=== Data in this exercise ===
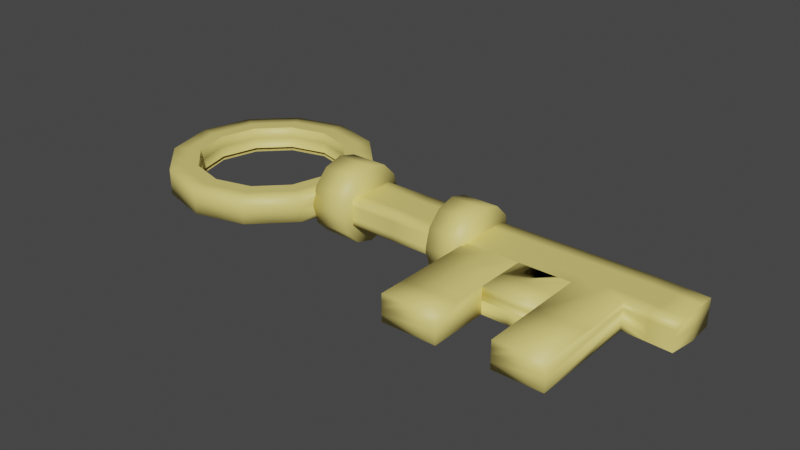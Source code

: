 # Source: Key.blend  (saved by Blender 2.92.15; exported with 4.5.12 LTS)
import bpy
from mathutils import Matrix  # noqa: F401  (used for matrix-valued properties, if any)

bpy.ops.wm.read_factory_settings(use_empty=True)
scene = bpy.context.scene
scene.name = 'Scene'

# ---- collections
col_key = bpy.data.collections.new('Key'); scene.collection.children.link(col_key)
col_key_smallholders = bpy.data.collections.new('Key_smallholders'); col_key.children.link(col_key_smallholders)

# ---- materials (node trees are filled in below, after node groups)
mat_material_003 = bpy.data.materials.new('Material.003')
mat_material_003.use_transparent_shadow = False
mat_material_001 = bpy.data.materials.new('Material.001')
mat_material_001.use_transparent_shadow = False

# ---- material node trees
mat_material_003.use_nodes = True; mat_material_003.node_tree.nodes.clear()
_N = mat_material_003.node_tree.nodes; _L = mat_material_003.node_tree.links
n0 = _N.new('ShaderNodeBsdfPrincipled'); n0.name = 'Principled BSDF'; n0.location = (10, 300)
n0.distribution = 'GGX'
n0.subsurface_method = 'BURLEY'
n0.inputs[0].default_value = (0.804, 0.6704, 0.196, 1.0)
n0.inputs[3].default_value = 1.45
n0.inputs[27].default_value = (0.0, 0.0, 0.0, 1.0)
n0.inputs[28].default_value = 1.0
n1 = _N.new('ShaderNodeOutputMaterial'); n1.name = 'Material Output'; n1.location = (300, 300)
_L.new(n0.outputs[0], n1.inputs[0])
n1.is_active_output = True
mat_material_001.use_nodes = True; mat_material_001.node_tree.nodes.clear()
_N = mat_material_001.node_tree.nodes; _L = mat_material_001.node_tree.links
n0 = _N.new('ShaderNodeBsdfPrincipled'); n0.name = 'Principled BSDF'; n0.location = (10, 300)
n0.distribution = 'GGX'
n0.subsurface_method = 'BURLEY'
n0.inputs[0].default_value = (0.804, 0.6704, 0.196, 1.0)
n0.inputs[3].default_value = 1.45
n0.inputs[27].default_value = (0.0, 0.0, 0.0, 1.0)
n0.inputs[28].default_value = 1.0
n1 = _N.new('ShaderNodeOutputMaterial'); n1.name = 'Material Output'; n1.location = (300, 300)
_L.new(n0.outputs[0], n1.inputs[0])
n1.is_active_output = True

# ---- world
world_world = bpy.data.worlds.new('World'); scene.world = world_world
world_world.use_nodes = True; world_world.node_tree.nodes.clear()
_N = world_world.node_tree.nodes; _L = world_world.node_tree.links
n0 = _N.new('ShaderNodeOutputWorld'); n0.name = 'World Output'; n0.location = (300, 300)
n1 = _N.new('ShaderNodeBackground'); n1.name = 'Background'; n1.location = (10, 300)
n1.inputs[0].default_value = (0.05088, 0.05088, 0.05088, 1.0)
_L.new(n1.outputs[0], n0.inputs[0])
n0.is_active_output = True
world_world.color = (0.05088, 0.05088, 0.05088)
world_world.use_sun_shadow = False
world_world.sun_shadow_jitter_overblur = 0.0

# ---- meshes
me_cylinder = bpy.data.meshes.new('Cylinder')
me_cylinder.from_pydata([(0.0, 0.55, -0.07), (0.0, 0.55, 0.07), (0.275, 0.4763, -0.07), (0.275, 0.4763, 0.07), (0.4763, 0.275, -0.07), (0.4763, 0.275, 0.07), (0.55, -2.404e-08, -0.07), (0.55, -2.404e-08, 0.07), (0.4763, -0.275, -0.07), (0.4763, -0.275, 0.07), (0.275, -0.4763, -0.07), (0.275, -0.4763, 0.07), (8.305e-08, -0.55, -0.07), (8.305e-08, -0.55, 0.07), (-0.275, -0.4763, -0.07), (-0.275, -0.4763, 0.07), (-0.4763, -0.275, -0.07), (-0.4763, -0.275, 0.07), (-0.55, -2.557e-07, -0.07), (-0.55, -2.557e-07, 0.07), (-0.4763, 0.275, -0.07), (-0.4763, 0.275, 0.07), (-0.275, 0.4763, -0.07), (-0.275, 0.4763, 0.07), (0.1998, 0.3461, 0.07), (2.087e-08, 0.3997, 0.07), (-0.1998, 0.3461, 0.07), (-0.3461, 0.1998, 0.07), (-0.3997, -1.885e-07, 0.07), (-0.3461, -0.1998, 0.07), (-0.1998, -0.3461, 0.07), (6.45e-08, -0.3997, 0.07), (0.1998, -0.3461, 0.07), (0.3461, -0.1998, 0.07), (0.3997, -1.477e-08, 0.07), (0.3461, 0.1998, 0.07), (2.101e-08, 0.3987, -0.07), (0.1993, 0.3452, -0.07), (0.3452, 0.1993, -0.07), (0.3987, -1.47e-08, -0.07), (0.3452, -0.1993, -0.07), (0.1993, -0.3452, -0.07), (6.437e-08, -0.3987, -0.07), (-0.1993, -0.3452, -0.07), (-0.3452, -0.1993, -0.07), (-0.3987, -1.88e-07, -0.07), (-0.3452, 0.1993, -0.07), (-0.1993, 0.3452, -0.07), (0.1998, 0.3461, 0.07), (2.087e-08, 0.3997, 0.07), (-0.1998, 0.3461, 0.07), (-0.3461, 0.1998, 0.07), (-0.3997, -1.885e-07, 0.07), (-0.3461, -0.1998, 0.07), (-0.1998, -0.3461, 0.07), (6.45e-08, -0.3997, 0.07), (0.1998, -0.3461, 0.07), (0.3461, -0.1998, 0.07), (0.3997, -1.477e-08, 0.07), (0.3461, 0.1998, 0.07), (0.1998, 0.3461, 0.07), (2.087e-08, 0.3997, 0.07), (-0.1998, 0.3461, 0.07), (-0.3461, 0.1998, 0.07), (-0.3997, -1.885e-07, 0.07), (-0.3461, -0.1998, 0.07), (-0.1998, -0.3461, 0.07), (6.45e-08, -0.3997, 0.07), (0.1998, -0.3461, 0.07), (0.3461, -0.1998, 0.07), (0.3997, -1.477e-08, 0.07), (0.3461, 0.1998, 0.07), (0.1998, 0.3461, -0.04967), (2.11e-08, 0.3997, -0.04967), (-0.1998, 0.3461, -0.04967), (-0.3461, 0.1998, -0.04967), (-0.3997, -1.885e-07, -0.04967), (-0.3461, -0.1998, -0.04967), (-0.1998, -0.3461, -0.04967), (6.473e-08, -0.3997, -0.04967), (0.1998, -0.3461, -0.04967), (0.3461, -0.1998, -0.04967), (0.3997, -1.477e-08, -0.04967), (0.3461, 0.1998, -0.04967), (0.1998, 0.3461, -0.04967), (2.11e-08, 0.3997, -0.04967), (-0.1998, 0.3461, -0.04967), (-0.3461, 0.1998, -0.04967), (-0.3997, -1.885e-07, -0.04967), (-0.3461, -0.1998, -0.04967), (-0.1998, -0.3461, -0.04967), (6.473e-08, -0.3997, -0.04967), (0.1998, -0.3461, -0.04967), (0.3461, -0.1998, -0.04967), (0.3997, -1.477e-08, -0.04967), (0.3461, 0.1998, -0.04967), (0.1375, 0.5132, -0.07), (0.1375, 0.5132, 0.07), (0.0, 0.55, 0.0), (0.275, 0.4763, 0.0), (0.3757, 0.3757, -0.07), (0.3757, 0.3757, 0.07), (0.4763, 0.275, 0.0), (0.5132, 0.1375, -0.07), (0.5132, 0.1375, 0.07), (2.229, 0.1399, -0.07), (0.5132, -0.1375, -0.07), (0.5132, -0.1375, 0.07), (0.4763, -0.275, 0.0), (0.3757, -0.3757, -0.07), (0.3757, -0.3757, 0.07), (0.275, -0.4763, 0.0), (0.1375, -0.5132, -0.07), (0.1375, -0.5132, 0.07), (8.305e-08, -0.55, 0.0), (-0.1375, -0.5132, -0.07), (-0.1375, -0.5132, 0.07), (-0.275, -0.4763, 0.0), (-0.3757, -0.3757, -0.07), (-0.3757, -0.3757, 0.07), (-0.4763, -0.275, 0.0), (-0.5132, -0.1375, -0.07), (-0.5132, -0.1375, 0.07), (-0.55, -2.557e-07, 0.0), (-0.5132, 0.1375, -0.07), (-0.5132, 0.1375, 0.07), (-0.4763, 0.275, 0.0), (-0.3757, 0.3757, -0.07), (-0.3757, 0.3757, 0.07), (-0.275, 0.4763, 0.0), (-0.1375, 0.5132, -0.07), (-0.1375, 0.5132, 0.07), (0.09992, 0.3729, 0.07), (0.273, 0.273, 0.07), (-0.09992, 0.3729, 0.07), (-0.273, 0.273, 0.07), (-0.3729, 0.09992, 0.07), (-0.3729, -0.09992, 0.07), (-0.273, -0.273, 0.07), (-0.09992, -0.3729, 0.07), (0.09992, -0.3729, 0.07), (0.273, -0.273, 0.07), (0.3729, -0.09992, 0.07), (0.3729, 0.09992, 0.07), (0.2374, 0.4112, 0.07), (1.044e-08, 0.4748, 0.07), (-0.2374, 0.4112, 0.07), (-0.4112, 0.2374, 0.07), (-0.4748, -2.221e-07, 0.07), (-0.4112, -0.2374, 0.07), (-0.2374, -0.4112, 0.07), (7.377e-08, -0.4748, 0.07), (0.2374, -0.4112, 0.07), (0.4112, -0.2374, 0.07), (0.4748, -1.94e-08, 0.07), (0.4112, 0.2374, 0.07), (0.09966, 0.3719, -0.07), (-0.09966, 0.3719, -0.07), (0.2723, 0.2723, -0.07), (0.3719, 0.09966, -0.07), (0.3719, -0.09966, -0.07), (0.2723, -0.2723, -0.07), (0.09966, -0.3719, -0.07), (-0.09966, -0.3719, -0.07), (-0.2723, -0.2723, -0.07), (-0.3719, -0.09966, -0.07), (-0.3719, 0.09966, -0.07), (-0.2723, 0.2723, -0.07), (1.051e-08, 0.4743, -0.07), (0.2372, 0.4108, -0.07), (0.4108, 0.2372, -0.07), (0.4743, -1.937e-08, -0.07), (0.4108, -0.2372, -0.07), (0.2372, -0.4108, -0.07), (7.371e-08, -0.4743, -0.07), (-0.2372, -0.4108, -0.07), (-0.4108, -0.2372, -0.07), (-0.4743, -2.218e-07, -0.07), (-0.4108, 0.2372, -0.07), (-0.2372, 0.4108, -0.07), (0.09992, 0.3729, 0.07), (0.273, 0.273, 0.07), (-0.09992, 0.3729, 0.07), (-0.273, 0.273, 0.07), (-0.3729, 0.09992, 0.07), (-0.3729, -0.09992, 0.07), (-0.273, -0.273, 0.07), (-0.09992, -0.3729, 0.07), (0.09992, -0.3729, 0.07), (0.273, -0.273, 0.07), (0.3729, -0.09992, 0.07), (0.3729, 0.09992, 0.07), (2.087e-08, 0.3997, 0.07), (0.1998, 0.3461, 0.07), (6.45e-08, -0.3997, 0.07), (-0.1998, -0.3461, 0.07), (-0.3997, -1.885e-07, 0.07), (-0.3461, 0.1998, 0.07), (0.3461, 0.1998, 0.07), (0.3997, -1.477e-08, 0.07), (0.1998, -0.3461, 0.07), (-0.3461, -0.1998, 0.07), (-0.1998, 0.3461, 0.07), (0.3461, -0.1998, 0.07), (0.09992, 0.3729, 0.07), (0.273, 0.273, 0.07), (-0.09992, 0.3729, 0.07), (-0.273, 0.273, 0.07), (-0.3729, 0.09992, 0.07), (-0.3729, -0.09992, 0.07), (-0.273, -0.273, 0.07), (-0.09992, -0.3729, 0.07), (0.09992, -0.3729, 0.07), (0.273, -0.273, 0.07), (0.3729, -0.09992, 0.07), (0.3729, 0.09992, 0.07), (-0.3461, 0.1998, 0.07), (-0.1998, 0.3461, 0.07), (0.3997, -1.477e-08, 0.07), (0.3461, -0.1998, 0.07), (2.087e-08, 0.3997, 0.07), (0.1998, 0.3461, 0.07), (6.45e-08, -0.3997, 0.07), (-0.1998, -0.3461, 0.07), (-0.3997, -1.885e-07, 0.07), (0.3461, 0.1998, 0.07), (0.1998, -0.3461, 0.07), (-0.3461, -0.1998, 0.07), (0.09992, 0.3729, -0.04967), (0.273, 0.273, -0.04967), (-0.09992, 0.3729, -0.04967), (-0.273, 0.273, -0.04967), (-0.3729, 0.09992, -0.04967), (-0.3729, -0.09992, -0.04967), (-0.273, -0.273, -0.04967), (-0.09992, -0.3729, -0.04967), (0.09992, -0.3729, -0.04967), (0.273, -0.273, -0.04967), (0.3729, -0.09992, -0.04967), (0.3729, 0.09992, -0.04967), (-0.3461, 0.1998, 0.01017), (-0.1998, 0.3461, 0.01017), (0.3997, -1.477e-08, 0.01017), (0.3461, -0.1998, 0.01017), (2.099e-08, 0.3997, 0.01017), (0.1998, 0.3461, 0.01017), (6.461e-08, -0.3997, 0.01017), (-0.1998, -0.3461, 0.01017), (-0.3997, -1.885e-07, 0.01017), (0.3461, 0.1998, 0.01017), (0.1998, -0.3461, 0.01017), (-0.3461, -0.1998, 0.01017), (0.09992, 0.3729, -0.04967), (0.273, 0.273, -0.04967), (-0.09992, 0.3729, -0.04967), (-0.273, 0.273, -0.04967), (-0.3729, 0.09992, -0.04967), (-0.3729, -0.09992, -0.04967), (-0.273, -0.273, -0.04967), (-0.09992, -0.3729, -0.04967), (0.09992, -0.3729, -0.04967), (0.273, -0.273, -0.04967), (0.3729, -0.09992, -0.04967), (0.3729, 0.09992, -0.04967), (-0.1998, -0.3461, -0.04967), (-0.3461, -0.1998, -0.04967), (-0.3461, 0.1998, -0.04967), (-0.1998, 0.3461, -0.04967), (0.3997, -1.477e-08, -0.04967), (0.3461, -0.1998, -0.04967), (2.11e-08, 0.3997, -0.04967), (0.1998, 0.3461, -0.04967), (6.473e-08, -0.3997, -0.04967), (-0.3997, -1.885e-07, -0.04967), (0.3461, 0.1998, -0.04967), (0.1998, -0.3461, -0.04967), (0.273, -0.273, -0.04967), (-0.09992, 0.3729, -0.04967), (-0.3729, -0.09992, -0.04967), (0.09992, -0.3729, -0.04967), (0.273, 0.273, -0.04967), (0.3729, 0.09992, -0.04967), (-0.3729, 0.09992, -0.04967), (-0.09992, -0.3729, -0.04967), (0.09992, 0.3729, -0.04967), (0.3729, -0.09992, -0.04967), (-0.273, 0.273, -0.04967), (-0.273, -0.273, 0.01017), (0.273, -0.273, 0.01017), (-0.09992, 0.3729, 0.01017), (-0.3729, -0.09992, 0.01017), (0.09992, -0.3729, 0.01017), (0.273, 0.273, 0.01017), (0.3729, 0.09992, 0.01017), (-0.3729, 0.09992, 0.01017), (-0.09992, -0.3729, 0.01017), (0.09992, 0.3729, 0.01017), (0.3729, -0.09992, 0.01017), (-0.273, -0.273, -0.04967), (-0.273, -0.273, 0.07), (0.273, -0.273, 0.07), (-0.09992, 0.3729, 0.07), (-0.3729, -0.09992, 0.07), (0.09992, -0.3729, 0.07), (0.273, 0.273, 0.07), (0.3729, 0.09992, 0.07), (-0.3729, 0.09992, 0.07), (-0.09992, -0.3729, 0.07), (0.09992, 0.3729, 0.07), (0.3729, -0.09992, 0.07), (-0.273, 0.273, 0.01017), (0.3729, -0.09992, 0.07), (-0.273, 0.273, 0.07), (-0.273, -0.273, 0.07), (0.273, -0.273, 0.07), (-0.09992, 0.3729, 0.07), (-0.3729, -0.09992, 0.07), (0.09992, -0.3729, 0.07), (0.273, 0.273, 0.07), (0.3729, 0.09992, 0.07), (-0.3729, 0.09992, 0.07), (-0.09992, -0.3729, 0.07), (-0.273, 0.273, 0.07), (-0.1186, 0.4426, -0.07), (-0.324, 0.324, -0.07), (-0.4426, 0.1186, -0.07), (-0.4426, -0.1186, -0.07), (-0.324, -0.324, -0.07), (-0.1186, -0.4426, -0.07), (0.1186, -0.4426, -0.07), (0.324, -0.324, -0.07), (0.4426, -0.1186, -0.07), (0.4426, 0.1186, -0.07), (0.324, 0.324, -0.07), (0.1186, 0.4426, -0.07), (0.3243, 0.3243, 0.07), (0.443, 0.1187, 0.07), (0.443, -0.1187, 0.07), (0.3243, -0.3243, 0.07), (0.1187, -0.443, 0.07), (-0.1187, -0.443, 0.07), (-0.3243, -0.3243, 0.07), (-0.443, -0.1187, 0.07), (-0.443, 0.1187, 0.07), (-0.3243, 0.3243, 0.07), (-0.1187, 0.443, 0.07), (0.1187, 0.443, 0.07), (-0.1375, 0.5132, 0.0), (-0.3757, 0.3757, 0.0), (0.09992, 0.3729, 0.07), (-0.5132, 0.1375, 0.0), (-0.5132, -0.1375, 0.0), (-0.3757, -0.3757, 0.0), (-0.1375, -0.5132, 0.0), (0.1375, -0.5132, 0.0), (0.3757, -0.3757, 0.0), (0.5132, -0.1375, 0.0), (0.5132, 0.1375, 0.0), (0.3757, 0.3757, 0.0), (0.1375, 0.5132, 0.0), (1.396, 0.1375, -0.07), (1.433, -2.404e-08, -0.07), (1.396, -0.1375, 0.07), (1.433, -2.404e-08, 0.07), (1.396, 0.1375, 0.07), (1.396, -0.1375, -0.07), (1.396, -0.1375, 0.0), (1.396, 0.1375, 0.0), (2.233, -0.002385, -0.07), (2.213, -0.1375, 0.07), (2.233, -0.002385, 0.07), (2.229, 0.1399, 0.07), (2.213, -0.1375, -0.07), (2.213, -0.1375, 0.0), (2.229, 0.1399, 0.0), (1.974, 0.139, 0.0), (1.694, 0.1383, 0.0), (1.694, 0.1383, 0.07), (1.974, 0.139, 0.07), (1.978, -0.001539, 0.07), (1.714, -0.0007933, 0.07), (1.686, -0.1375, 0.07), (1.958, -0.1375, 0.07), (1.694, 0.1383, -0.07), (1.974, 0.139, -0.07), (1.978, -0.001539, -0.07), (1.714, -0.0007933, -0.07), (1.686, -0.1375, -0.07), (1.958, -0.1375, -0.07), (1.958, -0.1375, 0.0), (1.396, -0.1375, 0.0), (1.396, -0.1375, 0.0), (1.396, -0.1375, -0.07), (1.396, -0.1375, 0.07), (1.686, -0.1375, 0.07), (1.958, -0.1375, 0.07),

=== What to produce ===
Return, from the entries, each line that holds "materials".

=== Task solution ===
# ---- materials (node trees are filled in below, after node groups)
mat_material_003 = bpy.data.materials.new('Material.003')
mat_material_001 = bpy.data.materials.new('Material.001')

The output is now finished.